### Data extracts
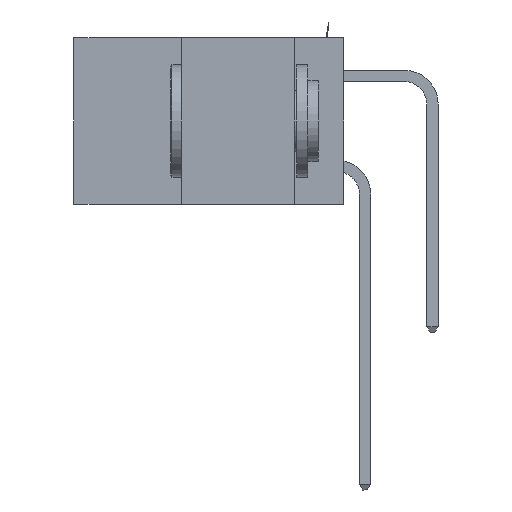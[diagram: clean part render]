
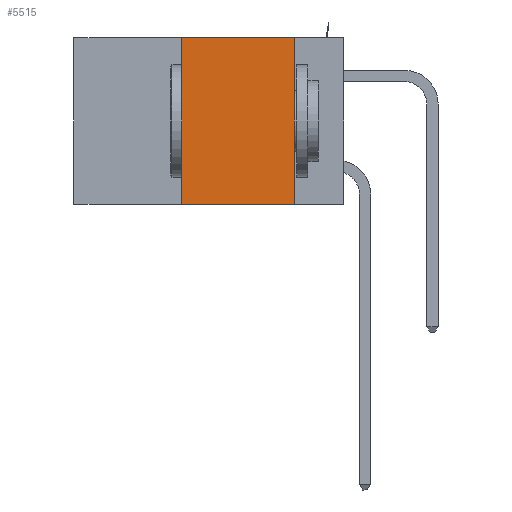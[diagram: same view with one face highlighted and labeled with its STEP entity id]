
A CAD part, left-side view. The second image highlights one B-rep face of the part: STEP entity #5515.
In plain terms, the highlighted planar face has unit normal (-1, 0, 0).
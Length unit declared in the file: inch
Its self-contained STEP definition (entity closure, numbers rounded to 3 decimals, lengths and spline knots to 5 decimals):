
#569 = DIRECTION ( 'NONE',  ( 0., -1., 0. ) ) ;
#1519 = ORIENTED_EDGE ( 'NONE', *, *, #3001, .F. ) ;
#1607 = FACE_OUTER_BOUND ( 'NONE', #8973, .T. ) ;
#2303 = CARTESIAN_POINT ( 'NONE',  ( 0., 0.11, -0.37 ) ) ;
#2665 = CARTESIAN_POINT ( 'NONE',  ( 0., 0.6, 0. ) ) ;
#2765 = DIRECTION ( 'NONE',  ( 0., -1., 0. ) ) ;
#3001 = EDGE_CURVE ( 'NONE', #3283, #13239, #7712, .T. ) ;
#3283 = VERTEX_POINT ( 'NONE', #4391 ) ;
#3732 = EDGE_CURVE ( 'NONE', #10564, #7061, #11242, .T. ) ;
#3755 = PLANE ( 'NONE',  #9213 ) ;
#3776 = CARTESIAN_POINT ( 'NONE',  ( 0., 0.11, 0. ) ) ;
#4311 = ORIENTED_EDGE ( 'NONE', *, *, #7695, .T. ) ;
#4391 = CARTESIAN_POINT ( 'NONE',  ( 0., 0.36, -0.37 ) ) ;
#4498 = DIRECTION ( 'NONE',  ( 0., 0., 1. ) ) ;
#4594 = VECTOR ( 'NONE', #4498, 39.37008 ) ;
#4665 = VECTOR ( 'NONE', #569, 39.37008 ) ;
#5364 = VECTOR ( 'NONE', #11780, 39.37008 ) ;
#5515 = ADVANCED_FACE ( 'NONE', ( #1607 ), #3755, .F. ) ;
#6493 = CARTESIAN_POINT ( 'NONE',  ( 0., 0.6, 0. ) ) ;
#6677 = CARTESIAN_POINT ( 'NONE',  ( 0., 0.36, 0. ) ) ;
#6816 = DIRECTION ( 'NONE',  ( 1., 0., 0. ) ) ;
#6830 = EDGE_CURVE ( 'NONE', #13239, #10564, #7463, .T. ) ;
#6834 = DIRECTION ( 'NONE',  ( 0., 0., -1. ) ) ;
#7061 = VERTEX_POINT ( 'NONE', #2303 ) ;
#7087 = VECTOR ( 'NONE', #2765, 39.37008 ) ;
#7463 = LINE ( 'NONE', #2665, #4665 ) ;
#7695 = EDGE_CURVE ( 'NONE', #3283, #7061, #9613, .T. ) ;
#7712 = LINE ( 'NONE', #6677, #4594 ) ;
#8119 = CARTESIAN_POINT ( 'NONE',  ( 0., 0.36, 0. ) ) ;
#8973 = EDGE_LOOP ( 'NONE', ( #11872, #12170, #1519, #4311 ) ) ;
#9213 = AXIS2_PLACEMENT_3D ( 'NONE', #6493, #6816, #6834 ) ;
#9613 = LINE ( 'NONE', #10083, #7087 ) ;
#10083 = CARTESIAN_POINT ( 'NONE',  ( 0., 0.6, -0.37 ) ) ;
#10564 = VERTEX_POINT ( 'NONE', #3776 ) ;
#11242 = LINE ( 'NONE', #11667, #5364 ) ;
#11667 = CARTESIAN_POINT ( 'NONE',  ( 0., 0.11, 0. ) ) ;
#11780 = DIRECTION ( 'NONE',  ( 0., 0., -1. ) ) ;
#11872 = ORIENTED_EDGE ( 'NONE', *, *, #3732, .F. ) ;
#12170 = ORIENTED_EDGE ( 'NONE', *, *, #6830, .F. ) ;
#13239 = VERTEX_POINT ( 'NONE', #8119 ) ;

### Brief
Here the job is to print the data above exactly, except for any pictures.

### Response area
[diagram: clean part render]
[diagram: same view with one face highlighted and labeled with its STEP entity id]
A CAD part, left-side view. The second image highlights one B-rep face of the part: STEP entity #5515.
In plain terms, the highlighted planar face has unit normal (-1, 0, 0).
Length unit declared in the file: inch
Its self-contained STEP definition (entity closure, numbers rounded to 3 decimals, lengths and spline knots to 5 decimals):
#569 = DIRECTION ( 'NONE',  ( 0., -1., 0. ) ) ;
#1519 = ORIENTED_EDGE ( 'NONE', *, *, #3001, .F. ) ;
#1607 = FACE_OUTER_BOUND ( 'NONE', #8973, .T. ) ;
#2303 = CARTESIAN_POINT ( 'NONE',  ( 0., 0.11, -0.37 ) ) ;
#2665 = CARTESIAN_POINT ( 'NONE',  ( 0., 0.6, 0. ) ) ;
#2765 = DIRECTION ( 'NONE',  ( 0., -1., 0. ) ) ;
#3001 = EDGE_CURVE ( 'NONE', #3283, #13239, #7712, .T. ) ;
#3283 = VERTEX_POINT ( 'NONE', #4391 ) ;
#3732 = EDGE_CURVE ( 'NONE', #10564, #7061, #11242, .T. ) ;
#3755 = PLANE ( 'NONE',  #9213 ) ;
#3776 = CARTESIAN_POINT ( 'NONE',  ( 0., 0.11, 0. ) ) ;
#4311 = ORIENTED_EDGE ( 'NONE', *, *, #7695, .T. ) ;
#4391 = CARTESIAN_POINT ( 'NONE',  ( 0., 0.36, -0.37 ) ) ;
#4498 = DIRECTION ( 'NONE',  ( 0., 0., 1. ) ) ;
#4594 = VECTOR ( 'NONE', #4498, 39.37008 ) ;
#4665 = VECTOR ( 'NONE', #569, 39.37008 ) ;
#5364 = VECTOR ( 'NONE', #11780, 39.37008 ) ;
#5515 = ADVANCED_FACE ( 'NONE', ( #1607 ), #3755, .F. ) ;
#6493 = CARTESIAN_POINT ( 'NONE',  ( 0., 0.6, 0. ) ) ;
#6677 = CARTESIAN_POINT ( 'NONE',  ( 0., 0.36, 0. ) ) ;
#6816 = DIRECTION ( 'NONE',  ( 1., 0., 0. ) ) ;
#6830 = EDGE_CURVE ( 'NONE', #13239, #10564, #7463, .T. ) ;
#6834 = DIRECTION ( 'NONE',  ( 0., 0., -1. ) ) ;
#7061 = VERTEX_POINT ( 'NONE', #2303 ) ;
#7087 = VECTOR ( 'NONE', #2765, 39.37008 ) ;
#7463 = LINE ( 'NONE', #2665, #4665 ) ;
#7695 = EDGE_CURVE ( 'NONE', #3283, #7061, #9613, .T. ) ;
#7712 = LINE ( 'NONE', #6677, #4594 ) ;
#8119 = CARTESIAN_POINT ( 'NONE',  ( 0., 0.36, 0. ) ) ;
#8973 = EDGE_LOOP ( 'NONE', ( #11872, #12170, #1519, #4311 ) ) ;
#9213 = AXIS2_PLACEMENT_3D ( 'NONE', #6493, #6816, #6834 ) ;
#9613 = LINE ( 'NONE', #10083, #7087 ) ;
#10083 = CARTESIAN_POINT ( 'NONE',  ( 0., 0.6, -0.37 ) ) ;
#10564 = VERTEX_POINT ( 'NONE', #3776 ) ;
#11242 = LINE ( 'NONE', #11667, #5364 ) ;
#11667 = CARTESIAN_POINT ( 'NONE',  ( 0., 0.11, 0. ) ) ;
#11780 = DIRECTION ( 'NONE',  ( 0., 0., -1. ) ) ;
#11872 = ORIENTED_EDGE ( 'NONE', *, *, #3732, .F. ) ;
#12170 = ORIENTED_EDGE ( 'NONE', *, *, #6830, .F. ) ;
#13239 = VERTEX_POINT ( 'NONE', #8119 ) ;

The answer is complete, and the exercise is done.